Para que esta ficción jurídica funcione tiene que ser verosímil. Y no lo es si la ley no es igual para todos, si se aplica con nombre propio y si los representantes traicionan la confianza de sus representados. Tal cosa sucede cuando no cumplen su palabra y se pasan a defender los intereses de sus enemigos de ayer (los mismos que gastaron millones en campañas inmundas contra ellos) y dejan a sus electores sin canales institucionales a través de los cuales defender sus intereses.

Es lo que sucede con los comuneros de Cajamarca y Espinar, cuando aquel a quien otorgaron su voto, porque les prometió defenderlos frente a la destrucción de las fuentes de agua y la contaminación, se convierte en defensor de los intereses de las empresas mineras (en una excelente caricatura de Carlín, el premier Valdés muestra como prueba de que los pobladores de Espinar son “radicales violentistas” el hecho de que el 76% de ellos votó por Ollanta Humala). Así, sólo se deja abierto el camino de la movilización, y por eso ésta es reconocida como un derecho ciudadano.

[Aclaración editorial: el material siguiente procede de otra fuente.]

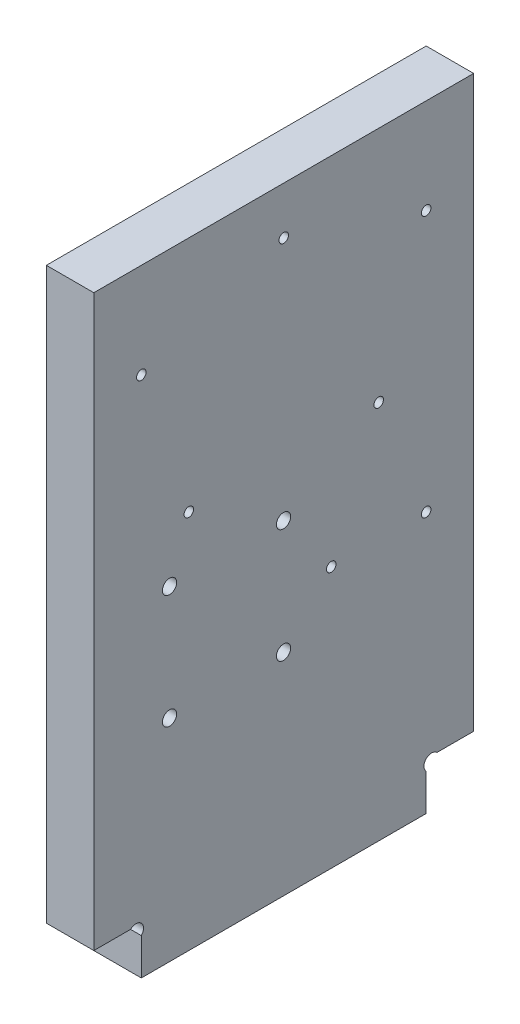
ISO-10303-21;
HEADER;
FILE_DESCRIPTION(('STEP AP214'),'2;1');
FILE_NAME('part.step','',(''),(''),'','','');
FILE_SCHEMA(('AUTOMOTIVE_DESIGN { 1 0 10303 214 1 1 1 1 }'));
ENDSEC;
DATA;
#1=APPLICATION_CONTEXT('core data for automotive mechanical design processes');
#2=APPLICATION_PROTOCOL_DEFINITION('international standard','automotive_design',2000,#1);
#3=PRODUCT_CONTEXT('',#1,'mechanical');
#4=PRODUCT('Part','Part','',(#3));
#5=PRODUCT_RELATED_PRODUCT_CATEGORY('part','',(#4));
#6=PRODUCT_DEFINITION_FORMATION('','',#4);
#7=PRODUCT_DEFINITION_CONTEXT('part definition',#1,'design');
#8=PRODUCT_DEFINITION('design','',#6,#7);
#9=PRODUCT_DEFINITION_SHAPE('','',#8);
#10=(LENGTH_UNIT() NAMED_UNIT(*) SI_UNIT(.MILLI.,.METRE.));
#11=(NAMED_UNIT(*) PLANE_ANGLE_UNIT() SI_UNIT($,.RADIAN.));
#12=(NAMED_UNIT(*) SI_UNIT($,.STERADIAN.) SOLID_ANGLE_UNIT());
#13=UNCERTAINTY_MEASURE_WITH_UNIT(LENGTH_MEASURE(1.E-05),#10,'distance_accuracy_value','');
#14=(GEOMETRIC_REPRESENTATION_CONTEXT(3) GLOBAL_UNCERTAINTY_ASSIGNED_CONTEXT((#13)) GLOBAL_UNIT_ASSIGNED_CONTEXT((#10,
#11,#12)) REPRESENTATION_CONTEXT('',''));
#15=CARTESIAN_POINT('',(0.,0.,0.));
#16=DIRECTION('',(0.,0.,1.));
#17=DIRECTION('',(1.,0.,0.));
#18=AXIS2_PLACEMENT_3D('',#15,#16,#17);
#19=CARTESIAN_POINT('',(10.,8.86862915010153,-8.86862915010152));
#20=DIRECTION('',(-1.,0.,0.));
#21=DIRECTION('',(0.,0.,1.));
#22=AXIS2_PLACEMENT_3D('',#19,#20,#21);
#23=CYLINDRICAL_SURFACE('',#22,1.6);
#24=CARTESIAN_POINT('',(0.,8.86862915010153,-8.86862915010152));
#25=DIRECTION('',(-1.,0.,0.));
#26=DIRECTION('',(0.,0.,-1.));
#27=AXIS2_PLACEMENT_3D('',#24,#25,#26);
#28=CIRCLE('',#27,1.6);
#29=CARTESIAN_POINT('',(0.,10.,-7.73725830020304));
#30=VERTEX_POINT('',#29);
#31=CARTESIAN_POINT('',(0.,7.73725830020305,-10.));
#32=VERTEX_POINT('',#31);
#33=EDGE_CURVE('E143',#30,#32,#28,.T.);
#34=ORIENTED_EDGE('',*,*,#33,.T.);
#35=DIRECTION('',(-1.,0.,0.));
#36=VECTOR('',#35,1.);
#37=CARTESIAN_POINT('',(10.,7.73725830020305,-10.));
#38=LINE('',#37,#36);
#39=CARTESIAN_POINT('',(10.,7.73725830020305,-10.));
#40=VERTEX_POINT('',#39);
#41=EDGE_CURVE('E11',#40,#32,#38,.T.);
#42=ORIENTED_EDGE('',*,*,#41,.F.);
#43=CARTESIAN_POINT('',(10.,8.86862915010153,-8.86862915010152));
#44=DIRECTION('',(-1.,0.,0.));
#45=DIRECTION('',(0.,0.,-1.));
#46=AXIS2_PLACEMENT_3D('',#43,#44,#45);
#47=CIRCLE('',#46,1.6);
#48=CARTESIAN_POINT('',(10.,10.,-7.73725830020304));
#49=VERTEX_POINT('',#48);
#50=EDGE_CURVE('E162',#49,#40,#47,.T.);
#51=ORIENTED_EDGE('',*,*,#50,.F.);
#52=DIRECTION('',(-1.,0.,0.));
#53=VECTOR('',#52,1.);
#54=CARTESIAN_POINT('',(10.,10.,-7.73725830020304));
#55=LINE('',#54,#53);
#56=EDGE_CURVE('E139',#49,#30,#55,.T.);
#57=ORIENTED_EDGE('',*,*,#56,.T.);
#58=EDGE_LOOP('',(#34,#42,#51,#57));
#59=FACE_BOUND('',#58,.T.);
#60=ADVANCED_FACE('F35',(#59),#23,.F.);
#61=CARTESIAN_POINT('',(10.,7.73725830020305,-10.));
#62=DIRECTION('',(0.,0.,-1.));
#63=DIRECTION('',(-1.,0.,0.));
#64=AXIS2_PLACEMENT_3D('',#61,#62,#63);
#65=PLANE('',#64);
#66=DIRECTION('',(0.,-1.,0.));
#67=VECTOR('',#66,1.);
#68=CARTESIAN_POINT('',(0.,7.73725830020305,-10.));
#69=LINE('',#68,#67);
#70=CARTESIAN_POINT('',(0.,0.,-10.));
#71=VERTEX_POINT('',#70);
#72=EDGE_CURVE('E146',#32,#71,#69,.T.);
#73=ORIENTED_EDGE('',*,*,#72,.T.);
#74=DIRECTION('',(-1.,0.,0.));
#75=VECTOR('',#74,1.);
#76=CARTESIAN_POINT('',(10.,0.,-10.));
#77=LINE('',#76,#75);
#78=CARTESIAN_POINT('',(10.,0.,-10.));
#79=VERTEX_POINT('',#78);
#80=EDGE_CURVE('E43',#79,#71,#77,.T.);
#81=ORIENTED_EDGE('',*,*,#80,.F.);
#82=DIRECTION('',(0.,-1.,0.));
#83=VECTOR('',#82,1.);
#84=CARTESIAN_POINT('',(10.,7.73725830020305,-10.));
#85=LINE('',#84,#83);
#86=EDGE_CURVE('E100',#40,#79,#85,.T.);
#87=ORIENTED_EDGE('',*,*,#86,.F.);
#88=ORIENTED_EDGE('',*,*,#41,.T.);
#89=EDGE_LOOP('',(#73,#81,#87,#88));
#90=FACE_BOUND('',#89,.T.);
#91=ADVANCED_FACE('F323',(#90),#65,.F.);
#92=CARTESIAN_POINT('',(10.,0.,-10.));
#93=DIRECTION('',(0.,1.,0.));
#94=DIRECTION('',(0.,0.,1.));
#95=AXIS2_PLACEMENT_3D('',#92,#93,#94);
#96=PLANE('',#95);
#97=DIRECTION('',(0.,0.,-1.));
#98=VECTOR('',#97,1.);
#99=CARTESIAN_POINT('',(0.,0.,-10.));
#100=LINE('',#99,#98);
#101=CARTESIAN_POINT('',(0.,0.,-70.));
#102=VERTEX_POINT('',#101);
#103=EDGE_CURVE('E149',#71,#102,#100,.T.);
#104=ORIENTED_EDGE('',*,*,#103,.T.);
#105=DIRECTION('',(-1.,0.,0.));
#106=VECTOR('',#105,1.);
#107=CARTESIAN_POINT('',(10.,0.,-70.));
#108=LINE('',#107,#106);
#109=CARTESIAN_POINT('',(10.,0.,-70.));
#110=VERTEX_POINT('',#109);
#111=EDGE_CURVE('E175',#110,#102,#108,.T.);
#112=ORIENTED_EDGE('',*,*,#111,.F.);
#113=DIRECTION('',(0.,0.,-1.));
#114=VECTOR('',#113,1.);
#115=CARTESIAN_POINT('',(10.,0.,-10.));
#116=LINE('',#115,#114);
#117=EDGE_CURVE('E183',#79,#110,#116,.T.);
#118=ORIENTED_EDGE('',*,*,#117,.F.);
#119=ORIENTED_EDGE('',*,*,#80,.T.);
#120=EDGE_LOOP('',(#104,#112,#118,#119));
#121=FACE_BOUND('',#120,.T.);
#122=ADVANCED_FACE('F181',(#121),#96,.F.);
#123=CARTESIAN_POINT('',(10.,7.73725830020305,-70.));
#124=DIRECTION('',(0.,0.,1.));
#125=DIRECTION('',(1.,0.,0.));
#126=AXIS2_PLACEMENT_3D('',#123,#124,#125);
#127=PLANE('',#126);
#128=DIRECTION('',(0.,1.,0.));
#129=VECTOR('',#128,1.);
#130=CARTESIAN_POINT('',(0.,7.73725830020305,-70.));
#131=LINE('',#130,#129);
#132=CARTESIAN_POINT('',(0.,7.73725830020305,-70.));
#133=VERTEX_POINT('',#132);
#134=EDGE_CURVE('E151',#102,#133,#131,.T.);
#135=ORIENTED_EDGE('',*,*,#134,.T.);
#136=DIRECTION('',(-1.,0.,0.));
#137=VECTOR('',#136,1.);
#138=CARTESIAN_POINT('',(10.,7.73725830020305,-70.));
#139=LINE('',#138,#137);
#140=CARTESIAN_POINT('',(10.,7.73725830020305,-70.));
#141=VERTEX_POINT('',#140);
#142=EDGE_CURVE('E172',#141,#133,#139,.T.);
#143=ORIENTED_EDGE('',*,*,#142,.F.);
#144=DIRECTION('',(0.,1.,0.));
#145=VECTOR('',#144,1.);
#146=CARTESIAN_POINT('',(10.,7.73725830020305,-70.));
#147=LINE('',#146,#145);
#148=EDGE_CURVE('E201',#110,#141,#147,.T.);
#149=ORIENTED_EDGE('',*,*,#148,.F.);
#150=ORIENTED_EDGE('',*,*,#111,.T.);
#151=EDGE_LOOP('',(#135,#143,#149,#150));
#152=FACE_BOUND('',#151,.T.);
#153=ADVANCED_FACE('F192',(#152),#127,.F.);
#154=CARTESIAN_POINT('',(10.,8.86862915010153,-71.1313708498985));
#155=DIRECTION('',(-1.,0.,0.));
#156=DIRECTION('',(0.,0.,1.));
#157=AXIS2_PLACEMENT_3D('',#154,#155,#156);
#158=CYLINDRICAL_SURFACE('',#157,1.6);
#159=CARTESIAN_POINT('',(0.,8.86862915010153,-71.1313708498985));
#160=DIRECTION('',(-1.,0.,0.));
#161=DIRECTION('',(0.,0.,1.));
#162=AXIS2_PLACEMENT_3D('',#159,#160,#161);
#163=CIRCLE('',#162,1.6);
#164=CARTESIAN_POINT('',(0.,10.,-72.262741699797));
#165=VERTEX_POINT('',#164);
#166=EDGE_CURVE('E153',#133,#165,#163,.T.);
#167=ORIENTED_EDGE('',*,*,#166,.T.);
#168=DIRECTION('',(-1.,0.,0.));
#169=VECTOR('',#168,1.);
#170=CARTESIAN_POINT('',(10.,10.,-72.262741699797));
#171=LINE('',#170,#169);
#172=CARTESIAN_POINT('',(10.,10.,-72.262741699797));
#173=VERTEX_POINT('',#172);
#174=EDGE_CURVE('E169',#173,#165,#171,.T.);
#175=ORIENTED_EDGE('',*,*,#174,.F.);
#176=CARTESIAN_POINT('',(10.,8.86862915010153,-71.1313708498985));
#177=DIRECTION('',(-1.,0.,0.));
#178=DIRECTION('',(0.,0.,1.));
#179=AXIS2_PLACEMENT_3D('',#176,#177,#178);
#180=CIRCLE('',#179,1.6);
#181=EDGE_CURVE('E198',#141,#173,#180,.T.);
#182=ORIENTED_EDGE('',*,*,#181,.F.);
#183=ORIENTED_EDGE('',*,*,#142,.T.);
#184=EDGE_LOOP('',(#167,#175,#182,#183));
#185=FACE_BOUND('',#184,.T.);
#186=ADVANCED_FACE('F196',(#185),#158,.F.);
#187=CARTESIAN_POINT('',(10.,10.,-72.262741699797));
#188=DIRECTION('',(0.,1.,0.));
#189=DIRECTION('',(0.,0.,1.));
#190=AXIS2_PLACEMENT_3D('',#187,#188,#189);
#191=PLANE('',#190);
#192=DIRECTION('',(0.,0.,-1.));
#193=VECTOR('',#192,1.);
#194=CARTESIAN_POINT('',(0.,10.,-72.262741699797));
#195=LINE('',#194,#193);
#196=CARTESIAN_POINT('',(0.,10.,-80.));
#197=VERTEX_POINT('',#196);
#198=EDGE_CURVE('E155',#165,#197,#195,.T.);
#199=ORIENTED_EDGE('',*,*,#198,.T.);
#200=DIRECTION('',(-1.,0.,0.));
#201=VECTOR('',#200,1.);
#202=CARTESIAN_POINT('',(10.,10.,-80.));
#203=LINE('',#202,#201);
#204=CARTESIAN_POINT('',(10.,10.,-80.));
#205=VERTEX_POINT('',#204);
#206=EDGE_CURVE('E166',#205,#197,#203,.T.);
#207=ORIENTED_EDGE('',*,*,#206,.F.);
#208=DIRECTION('',(0.,0.,-1.));
#209=VECTOR('',#208,1.);
#210=CARTESIAN_POINT('',(10.,10.,-72.262741699797));
#211=LINE('',#210,#209);
#212=EDGE_CURVE('E200',#173,#205,#211,.T.);
#213=ORIENTED_EDGE('',*,*,#212,.F.);
#214=ORIENTED_EDGE('',*,*,#174,.T.);
#215=EDGE_LOOP('',(#199,#207,#213,#214));
#216=FACE_BOUND('',#215,.T.);
#217=ADVANCED_FACE('F335',(#216),#191,.F.);
#218=CARTESIAN_POINT('',(10.,130.,-80.));
#219=DIRECTION('',(0.,0.,1.));
#220=DIRECTION('',(1.,0.,0.));
#221=AXIS2_PLACEMENT_3D('',#218,#219,#220);
#222=PLANE('',#221);
#223=DIRECTION('',(0.,1.,0.));
#224=VECTOR('',#223,1.);
#225=CARTESIAN_POINT('',(0.,130.,-80.));
#226=LINE('',#225,#224);
#227=CARTESIAN_POINT('',(0.,130.,-80.));
#228=VERTEX_POINT('',#227);
#229=EDGE_CURVE('E157',#197,#228,#226,.T.);
#230=ORIENTED_EDGE('',*,*,#229,.T.);
#231=DIRECTION('',(-1.,0.,0.));
#232=VECTOR('',#231,1.);
#233=CARTESIAN_POINT('',(10.,130.,-80.));
#234=LINE('',#233,#232);
#235=CARTESIAN_POINT('',(10.,130.,-80.));
#236=VERTEX_POINT('',#235);
#237=EDGE_CURVE('E134',#236,#228,#234,.T.);
#238=ORIENTED_EDGE('',*,*,#237,.F.);
#239=DIRECTION('',(0.,1.,0.));
#240=VECTOR('',#239,1.);
#241=CARTESIAN_POINT('',(10.,130.,-80.));
#242=LINE('',#241,#240);
#243=EDGE_CURVE('E125',#205,#236,#242,.T.);
#244=ORIENTED_EDGE('',*,*,#243,.F.);
#245=ORIENTED_EDGE('',*,*,#206,.T.);
#246=EDGE_LOOP('',(#230,#238,#244,#245));
#247=FACE_BOUND('',#246,.T.);
#248=ADVANCED_FACE('F332',(#247),#222,.F.);
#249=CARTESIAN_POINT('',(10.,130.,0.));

Se rompe el principio de que la ley no tiene nombre propio cuando se dispone que los detenidos de Espinar y Cajamarca sean juzgados en Ica y Lambayeque, respectivamente¸ violando el Artículo 139°, inciso 3 de la Constitución, que a la letra dice: “Ninguna persona puede ser desviada de la jurisdicción predeterminada por la ley,  ni sometida a procedimiento distinto de los previamente establecidos, ni juzgada por órganos jurisdiccionales de excepción, ni por comisiones especiales creadas al efecto, cualquiera sea su denominación”. Muestra un excelente humor negro el premier Óscar Valdés cuando dice que quiere dialogar, luego de encarcelar a sus interlocutores.

Al borde de la escisión de su bancada, el presidente Humala entra en una semana de definiciones cuya importancia es difícil avizorar.